My question is: How can I make it so the ..count..
variable in geom_density
refers to the count of items in each Species
set of each panel, so that the panel for virginica
has a y-axis corresponding to "Fraction of virginica
data points"?
Also, is there a way to get ggplot2 to output the values it uses for ..count..
and sum(..count..)
so that I can verify what numbers it is using?
edit: I misunderstood geom_density
it looks like even for a single Species
, ..count../sum(..count..)
is not a percentage:
ggplot(iris[iris$Species == 'virginica',]) + geom_density(aes(x=Sepal.Width, colour=Species, y=..count../sum(..count..))) + facet_wrap(~Species)
so my revised question: how can I get the density plot to be the fraction of data in each bin? Do I have to use stat_density
for this or geom_histogram
? I just want the y-axis to be percentage / fraction of data points
Upvotes: 5
Views: 8739
Reputation: 61
Passing the argument scales='free_y'
to facet_wrap()
should do the trick.
Upvotes: 1
Reputation: 2902
Unfortunately, what you are asking ggplot2 to do is define separate y's for each facet, which it syntactically cannot do AFAIK.

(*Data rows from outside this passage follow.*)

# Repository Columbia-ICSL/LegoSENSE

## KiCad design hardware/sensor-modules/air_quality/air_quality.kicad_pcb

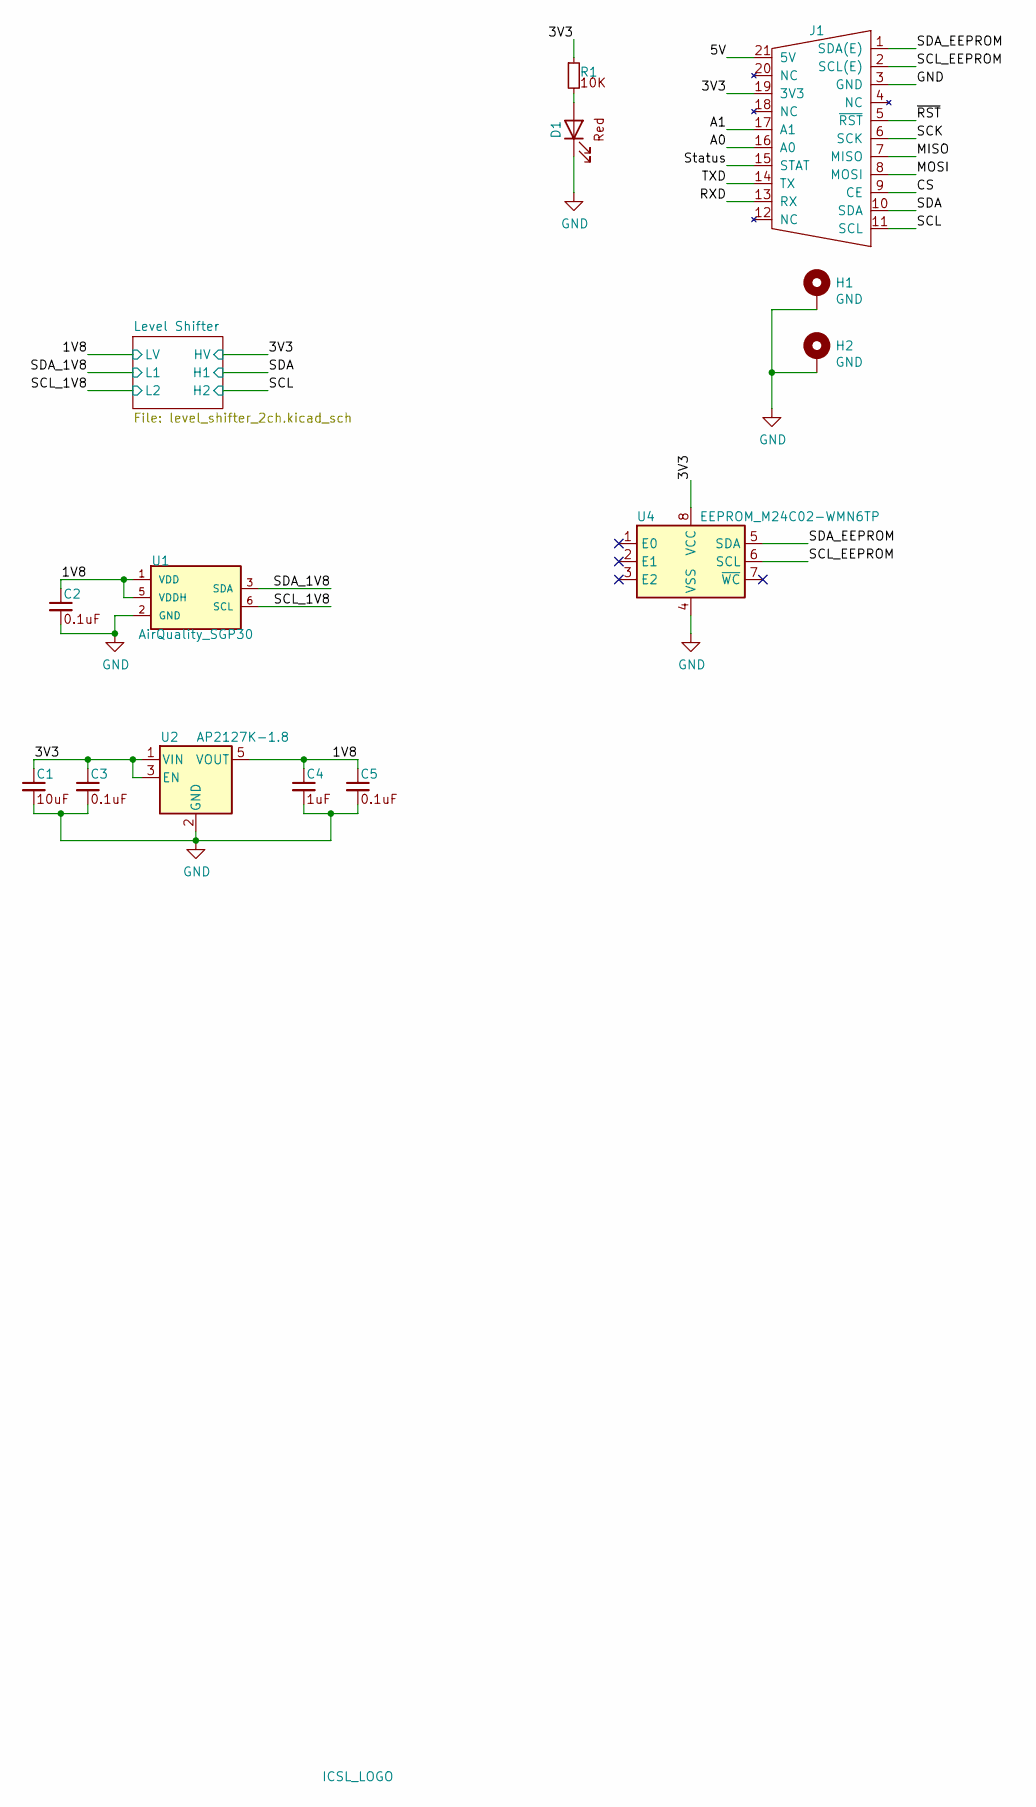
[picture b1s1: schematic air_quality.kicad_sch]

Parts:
C1: C_0603_10uF_10V; C_0603_1608Metric; MFR Part# CL10A106KP8NNNC; LCSC C19702
C2, C3, C5: C_0402_0.1uF_16V; C_0402_1005Metric; MFR Part# CL05B104KO5NNNC; LCSC C1525
C4: C_0402_1uF_25V; C_0402_1005Metric; MFR Part# CL05A105KA5NQNC; LCSC C52923
D1: LED_0603_Red; LED_0603_1608Metric; MFR Part# KT-0603R; LCSC C2286
H1, H2: GND; M1502-B-2545-AL-TOP
J1: Amphenol_91911-31321_plug; Amphenol_91911-31321LF_PLUG; LCSC C9900009023
R1: R_0402_10K; R_0402_1005Metric; MFR Part# 0402WGF1002TCE; LCSC C25744
U1: AirQuality_SGP30; SGP30; MFR Part# SGP30-2.5k; LCSC C514454
U2: AP2127K-1.8; SOT-23-5; MCF Part# AP2127K-1.8TRG1; LCSC C151375
U3: ICSL_LOGO; icsl_logo
U4: EEPROM_M24C02-WMN6TP; SOIC-8_3.9x4.9mm_P1.27mm; MFR Part# M24C02-WMN6TP; LCSC C7562

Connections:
/1V8: C2.1, C4.1, C5.1, U1.1 (VDD), U1.5 (VDDH), U2.5 (VOUT); also elsewhere on the board
/3V3: C1.1, C3.1, J1.19 (3V3), R1.1, U2.1 (VIN), U2.3 (EN), U4.8 (VCC); also elsewhere on the board
/5V: J1.21 (5V)
/A0: J1.16 (A0)
/A1: J1.17 (A1)
/CS: J1.9 (CE)
/MISO: J1.7 (MISO)
/MOSI: J1.8 (MOSI)
/RXD: J1.13 (RX)
/SCK: J1.6 (SCK)
/SCL: J1.11 (SCL); also elsewhere on the board
/SCL_1V8: U1.6 (SCL); also elsewhere on the board
/SCL_EEPROM: J1.2 (SCL(E)), U4.6 (SCL)
/SDA: J1.10 (SDA); also elsewhere on the board
/SDA_1V8: U1.3 (SDA); also elsewhere on the board
/SDA_EEPROM: J1.1 (SDA(E)), U4.5 (SDA)
/Status: J1.15 (STAT)
/TXD: J1.14 (TX)
/~RST: J1.5 (~RST)
GND: C1.2, C2.2, C3.2, C4.2, C5.2, D1.1 (K), H1.1, H2.1, J1.3 (GND), U1.2 (GND), U1.4 (R), U1.7 (EPAD), U2.2 (GND), U4.4 (VSS)
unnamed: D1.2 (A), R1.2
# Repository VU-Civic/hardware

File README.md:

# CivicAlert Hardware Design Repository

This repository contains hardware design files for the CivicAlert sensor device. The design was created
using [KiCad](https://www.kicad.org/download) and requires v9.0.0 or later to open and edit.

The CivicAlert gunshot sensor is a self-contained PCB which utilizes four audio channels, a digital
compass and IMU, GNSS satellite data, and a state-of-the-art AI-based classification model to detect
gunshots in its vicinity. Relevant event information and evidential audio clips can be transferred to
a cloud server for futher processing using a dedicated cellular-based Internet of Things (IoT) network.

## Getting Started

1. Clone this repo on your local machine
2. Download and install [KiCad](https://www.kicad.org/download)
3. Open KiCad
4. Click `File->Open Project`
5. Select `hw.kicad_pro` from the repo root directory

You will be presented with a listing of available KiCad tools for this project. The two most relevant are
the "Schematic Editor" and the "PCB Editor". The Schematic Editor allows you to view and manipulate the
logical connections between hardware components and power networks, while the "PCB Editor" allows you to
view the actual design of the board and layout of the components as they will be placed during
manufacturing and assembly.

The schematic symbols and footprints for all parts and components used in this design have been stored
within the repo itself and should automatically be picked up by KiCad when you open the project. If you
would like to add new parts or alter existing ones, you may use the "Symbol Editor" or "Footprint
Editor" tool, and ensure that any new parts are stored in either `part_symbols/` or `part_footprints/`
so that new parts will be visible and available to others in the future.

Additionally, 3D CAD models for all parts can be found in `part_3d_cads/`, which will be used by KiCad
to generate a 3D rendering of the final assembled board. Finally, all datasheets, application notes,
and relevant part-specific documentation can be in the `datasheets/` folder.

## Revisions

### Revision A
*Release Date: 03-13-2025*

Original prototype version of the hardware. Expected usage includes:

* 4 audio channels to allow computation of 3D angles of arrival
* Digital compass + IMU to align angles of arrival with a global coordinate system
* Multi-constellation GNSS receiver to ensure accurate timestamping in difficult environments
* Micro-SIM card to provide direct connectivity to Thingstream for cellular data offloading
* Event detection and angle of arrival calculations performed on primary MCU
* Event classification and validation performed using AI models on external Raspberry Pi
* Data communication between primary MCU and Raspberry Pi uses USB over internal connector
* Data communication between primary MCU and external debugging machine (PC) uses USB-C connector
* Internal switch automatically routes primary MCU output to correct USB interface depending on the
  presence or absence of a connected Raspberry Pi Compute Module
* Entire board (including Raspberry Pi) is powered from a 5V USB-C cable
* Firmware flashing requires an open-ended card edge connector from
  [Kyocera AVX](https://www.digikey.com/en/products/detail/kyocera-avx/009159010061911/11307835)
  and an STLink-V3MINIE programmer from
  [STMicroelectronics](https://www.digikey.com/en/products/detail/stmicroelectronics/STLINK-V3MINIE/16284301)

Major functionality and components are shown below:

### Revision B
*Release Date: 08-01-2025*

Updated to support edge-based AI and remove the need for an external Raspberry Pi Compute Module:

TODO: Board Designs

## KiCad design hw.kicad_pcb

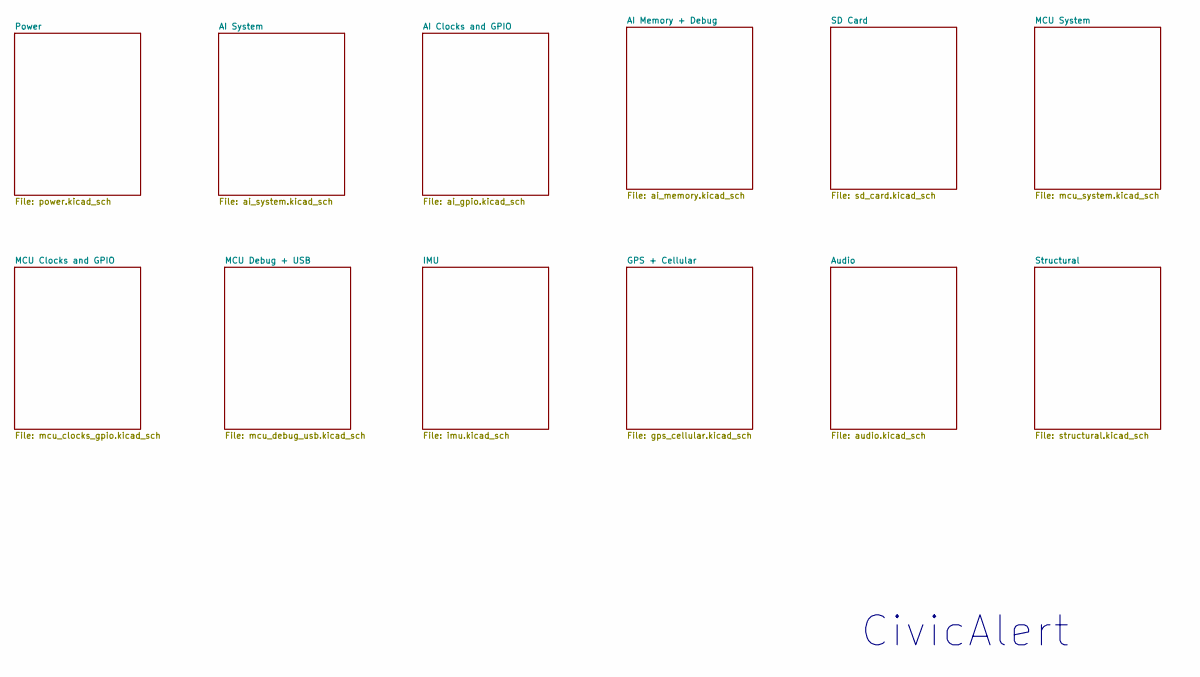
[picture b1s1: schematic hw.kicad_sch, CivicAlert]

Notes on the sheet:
CivicAlert

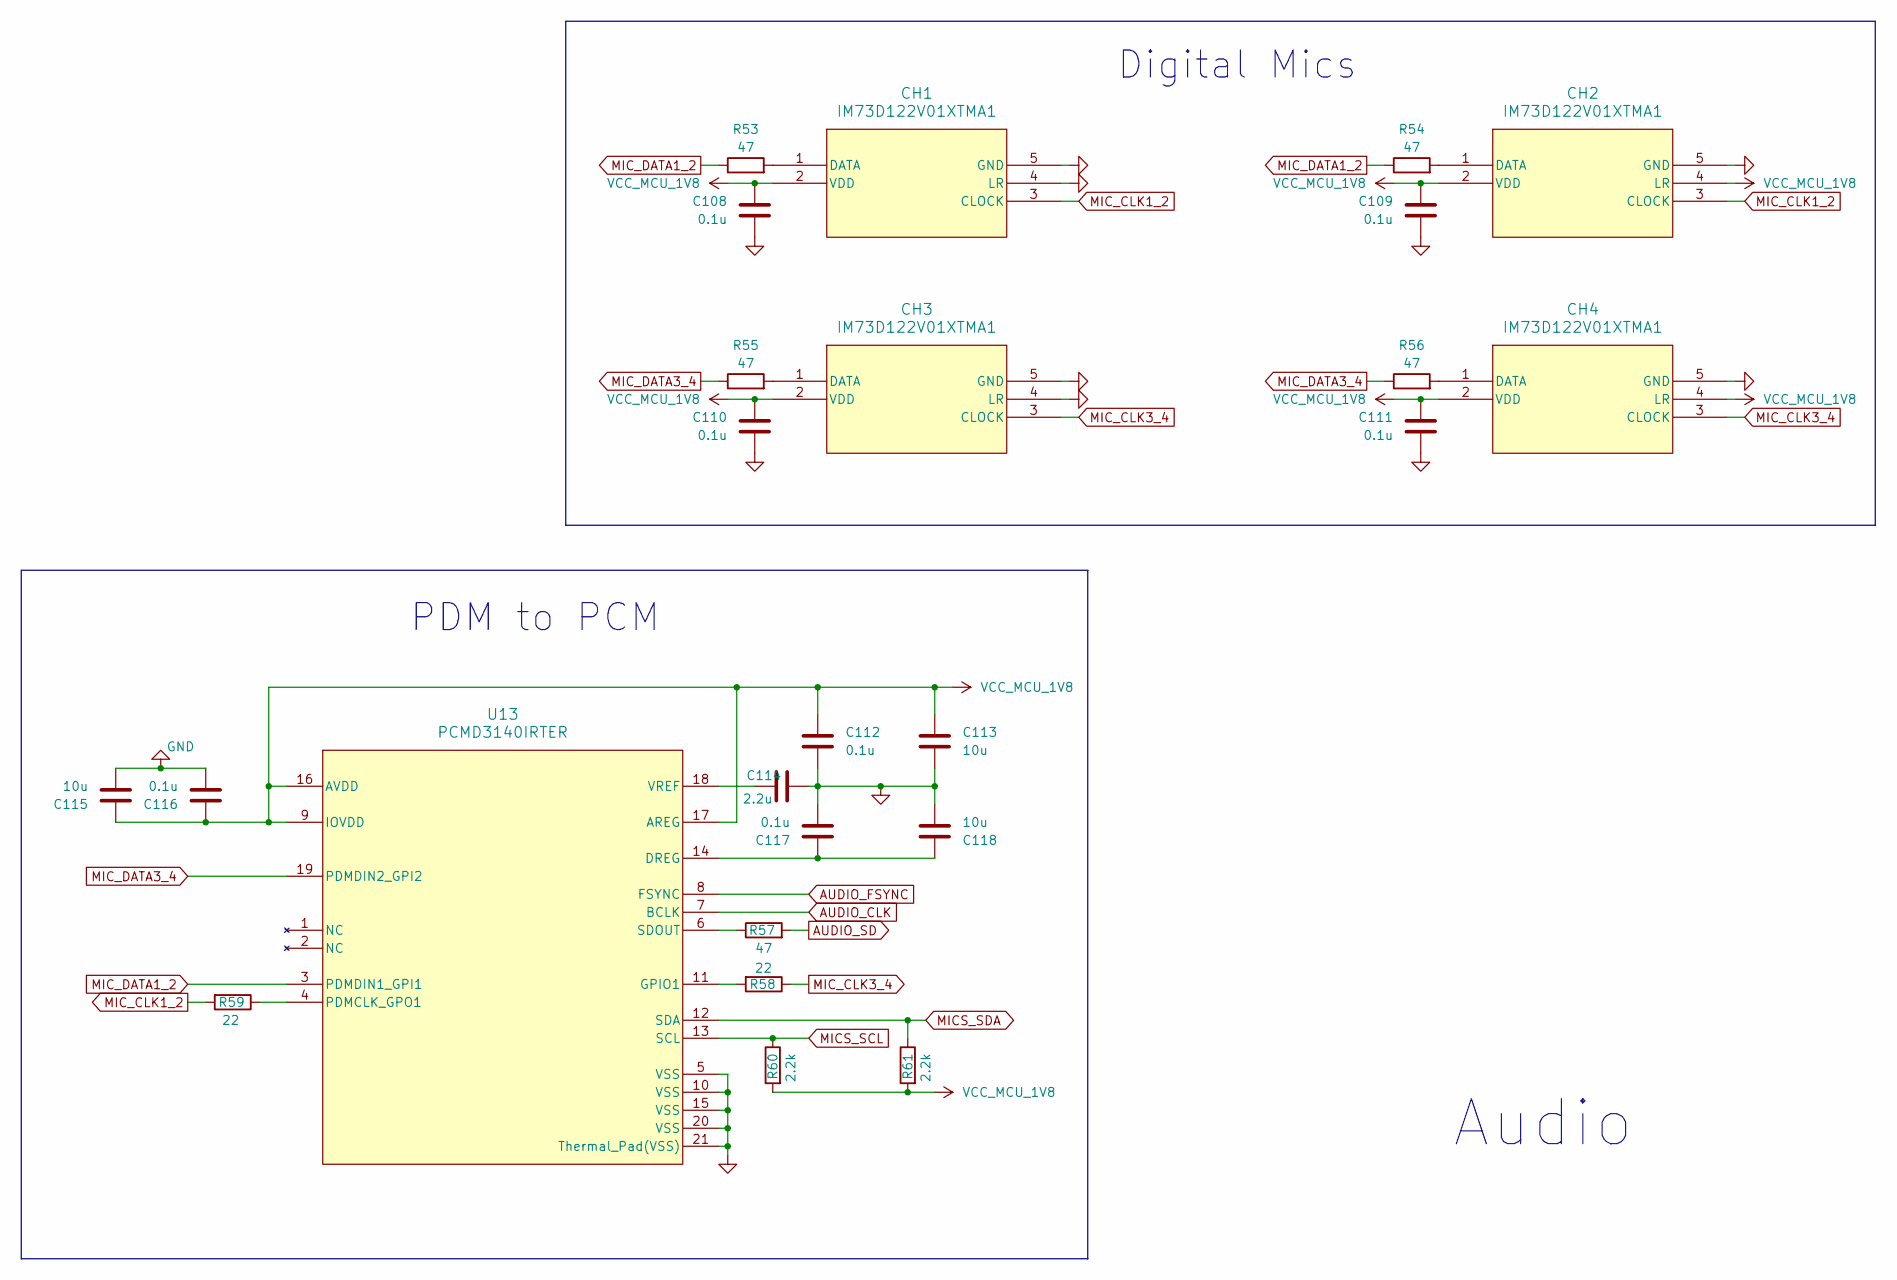
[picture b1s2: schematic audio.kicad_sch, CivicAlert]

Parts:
C108, C109, C110, C111, C112, C116, C117: 0.1u; C_0402_1005Metric; MPN GRM155R71C104KA88J
C113, C115, C118: 10u; C_0603_1608Metric; MPN GRM188Z71A106KA73D
C114: 2.2u; C_0402_1005Metric; MPN GRT155C71A225KE13D
CH1, CH2, CH3, CH4: IM73D122V01XTMA1; MPN IM73D122V01XTMA1
R53, R54, R55, R56, R57: 47; R_0402_1005Metric
R58, R59: 22; R_0402_1005Metric
R60, R61: 2.2k; R_0402_1005Metric
U13: PCMD3140IRTER; MPN PCMD3140IRTER

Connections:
AUDIO_CLK: U13.7 (BCLK); also elsewhere on the board
AUDIO_FSYNC: U13.8 (FSYNC); also elsewhere on the board
AUDIO_SD: R57.2; also elsewhere on the board
GND: C108.2, C109.2, C110.2, C111.2, C112.2, C113.2, C114.2, C115.2, C116.2, C117.2, C118.2, CH1.4 (LR), CH1.5 (GND), CH2.5 (GND), CH3.4 (LR), CH3.5 (GND), CH4.5 (GND), U13.5 (VSS), U13.10 (VSS), U13.15 (VSS), U13.20 (VSS), U13.21 (Thermal_Pad(VSS)); also elsewhere on the board
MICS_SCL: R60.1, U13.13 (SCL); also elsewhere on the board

So, in response to your mentioning in the comment thread that you "just want a histogram fundamentally", I would suggest instead using geom_histogram
or, if you're partial to lines instead of bars, geom_freqpoly
:
ggplot(iris, aes(Sepal.Width, ..count..)) +
geom_histogram(aes(colour=Species, fill=Species), binwidth=.2) +
geom_freqpoly(colour="black", binwidth=.2) +
facet_wrap(~Species)
**Note: geom_freqpoly works just as well in place of geom_histogram in my above example. I just added both in one plot for sake of efficiency.
Hope this helps.
EDIT: Alright, I managed to work out a quick-and-dirty way of getting what you want. It requires that you install and load plyr
. Apologies in advance; this is likely not the most efficient way to do this in terms of RAM usage, but it works.
First, let's get iris out in the open (I use RStudio so I'm used to seeing all my objects in a window):
d <- iris
Now, we can use ddply
to count the number of individuals belonging to each unique measurement of what will become your x-axis (here I used Sepal.Length instead of Sepal.Width, to give myself a bit more range, simply for seeing a bigger difference between groups when plotted).
new <- ddply(d, c("Species", "Sepal.Length"), summarize, count=length(Sepal.Length))
Note that ddply
automatically sorts the output data.frame according to the quoted variables.
Then we can divvy up the data.frame into each of its unique conditions--in the case of iris, each of the three species (I'm sure there's a much smoother way to go about this, and if you're working with really large amounts of data it's not advisable to keep creating subsets of the same data.frame because you could max out your RAM)...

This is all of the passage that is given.